**YOUR TASK**
Supply the number of lines in the data below that hold "color", and let that number be the whole answer.

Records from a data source
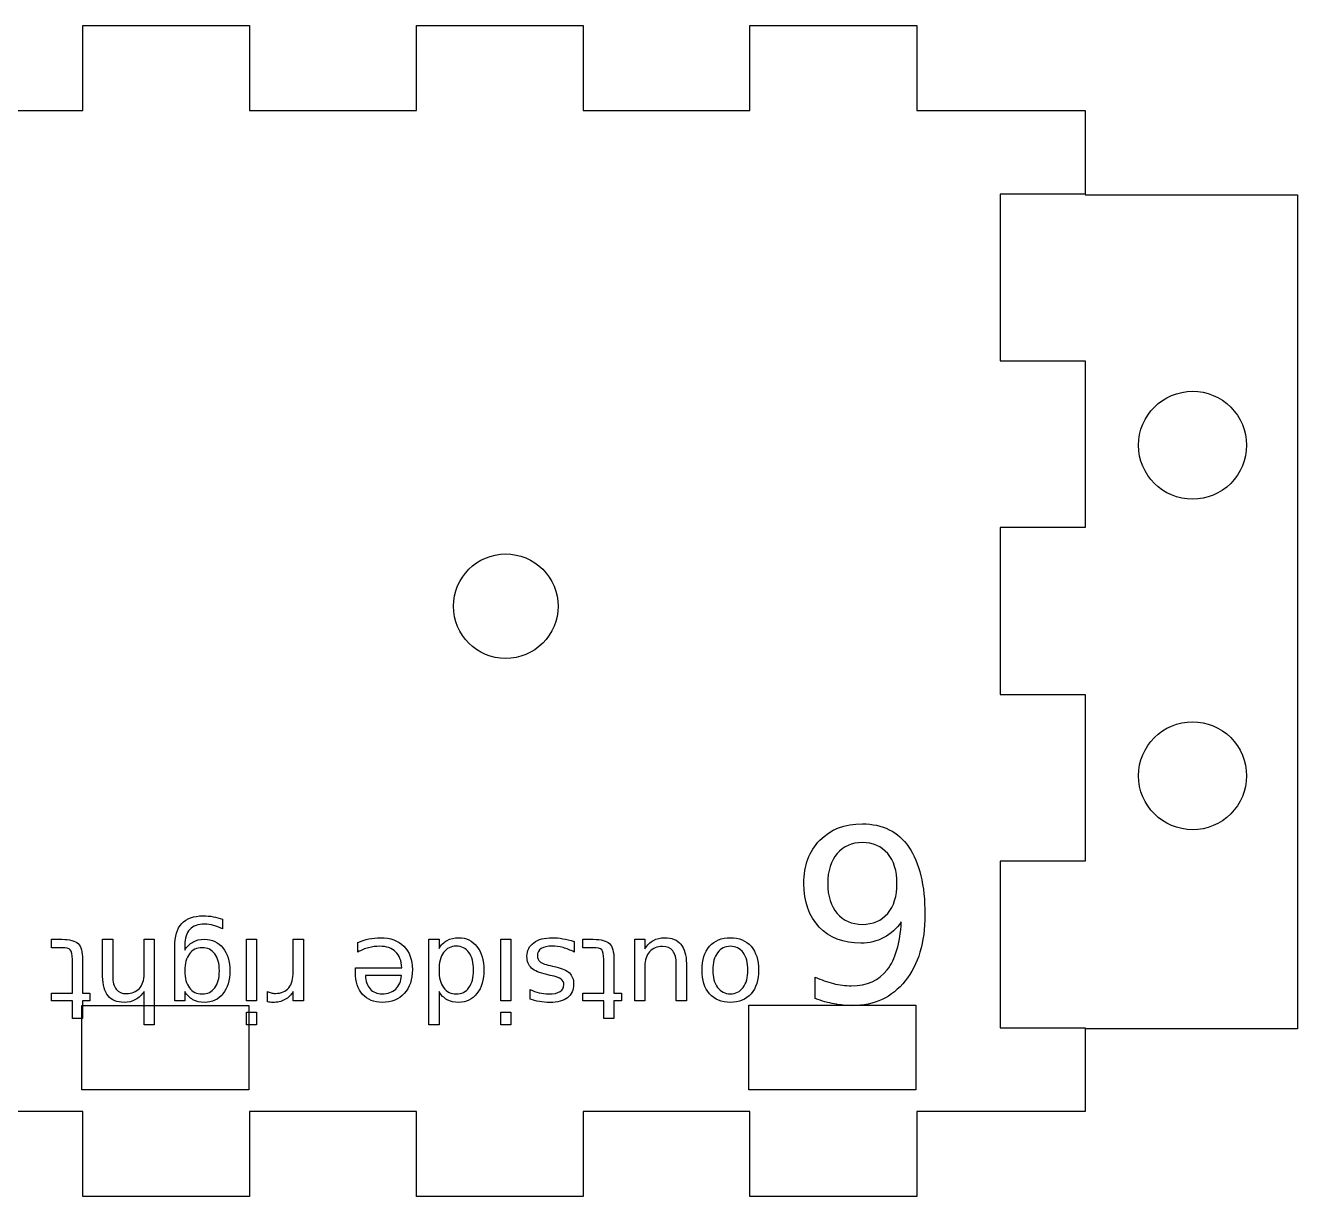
# Model space of a CAD drawing. Extents: x 81 to 232, y 87 to 299.
# Drawn here: x 172.5 to 232.2, y 137.5 to 192.5 of the extents above; entities that cross this region are included whole.
import ezdxf

# ---------------------------------------------------------------- set-up
doc = ezdxf.new("R2010")
doc.units = 0
doc.layers.add('Layer_1', color=7, linetype='CONTINUOUS')

msp = doc.modelspace()

# ---------------------------------------------------------------- linework, layer by layer
at = {"layer": 'Layer_1', "color": 5}
for p, q in [((175.179629, 188.533334), (175.179629, 192.533335)), ((175.179629, 192.533335), (183.012963, 192.533335)), ((183.012963, 192.533335), (183.012963, 188.533334)), ((190.846295, 188.533334), (190.846295, 192.533335)), ((190.846295, 192.533335), (198.67963, 192.533335)), ((198.67963, 192.533335), (198.67963, 188.533334)), ((206.512964, 188.533334), (206.512964, 192.533335)), ((206.512964, 192.533335), (214.346296, 192.533335)), ((214.346296, 192.533335), (214.346296, 188.533334)), ((171.262963, 188.533334), (175.179629, 188.533334)), ((183.012963, 188.533334), (190.846295, 188.533334)), ((198.67963, 188.533334), (206.512964, 188.533334)), ((214.346296, 188.533334), (222.262962, 188.533334)), ((222.262962, 188.533334), (222.262962, 184.616665)), ((222.262962, 184.616665), (218.262962, 184.616665)), ((218.262962, 184.616665), (218.262962, 176.783334)), ((222.262954, 184.585795), (232.234573, 184.585795)), ((232.234573, 184.585795), (232.234573, 145.414178)), ((218.262962, 176.783334), (222.262962, 176.783334)), ((222.262962, 176.783334), (222.262962, 168.949999)), ((222.262962, 168.949999), (218.262962, 168.949999)), ((218.262962, 168.949999), (218.262962, 161.116667)), ((197.500452, 165.256804), (197.500452, 165.256804)), ((218.262962, 161.116667), (222.262962, 161.116667)), ((222.262962, 161.116667), (222.262962, 153.283333)), ((222.262962, 153.283333), (218.262962, 153.283333)), ((218.262962, 153.283333), (218.262962, 145.450001)), ((175.136048, 142.540049), (175.136048, 146.511951)), ((175.136048, 146.511951), (182.981953, 146.511951)), ((182.981953, 146.511951), (182.981953, 142.540049)), ((206.462712, 142.546628), (206.462712, 146.51853)), ((206.462712, 146.51853), (214.308616, 146.51853)), ((214.308616, 146.51853), (214.308616, 142.546628)), ((218.262962, 145.450001), (222.262962, 145.450001)), ((232.234573, 145.414178), (222.262954, 145.414178)), ((222.262962, 145.450001), (222.262962, 141.533332)), ((182.981953, 142.540049), (175.136048, 142.540049)), ((214.308616, 142.546628), (206.462712, 142.546628)), ((175.179629, 141.533332), (171.262963, 141.533332)), ((175.179629, 137.533332), (175.179629, 141.533332)), ((190.846295, 141.533332), (183.012963, 141.533332)), ((183.012963, 141.533332), (183.012963, 137.533332)), ((190.846295, 137.533332), (190.846295, 141.533332)), ((206.512964, 141.533332), (198.67963, 141.533332)), ((198.67963, 141.533332), (198.67963, 137.533332)), ((206.512964, 137.533332), (206.512964, 141.533332)), ((222.262962, 141.533332), (214.346296, 141.533332)), ((214.346296, 141.533332), (214.346296, 137.533332)), ((183.012963, 137.533332), (175.179629, 137.533332)), ((198.67963, 137.533332), (190.846295, 137.533332)), ((214.346296, 137.533332), (206.512964, 137.533332))]:
    msp.add_line(p, q, dxfattribs=at)
at = {"layer": 'Layer_1', "color": 2}
for p, q in [((229.83803, 172.818051), (229.83803, 172.818051)), ((229.83803, 157.295829), (229.83803, 157.295829))]:
    msp.add_line(p, q, dxfattribs=at)
at = {"layer": 'Layer_1', "color": 7}
for p, q in [((181.736038, 150.563133), (181.736038, 150.10063)), ((211.794225, 150.317791), (211.794225, 150.317791)), ((173.710687, 149.216961), (173.710687, 149.614872)), ((173.710687, 149.614872), (174.199031, 149.614872)), ((176.113643, 147.868207), (176.113643, 149.614872)), ((176.113643, 149.614872), (176.589066, 149.614872)), ((176.589066, 149.614872), (176.589066, 147.883709)), ((178.059261, 147.979312), (178.059261, 149.614872)), ((178.059261, 149.614872), (178.537269, 149.614872)), ((178.537269, 149.614872), (178.537269, 145.594444)), ((182.870337, 146.72099), (182.870337, 149.614872)), ((182.870337, 149.614872), (183.34576, 149.614872)), ((183.34576, 149.614872), (183.34576, 146.72099)), ((185.066584, 148.090414), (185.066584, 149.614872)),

**SOLUTION**
4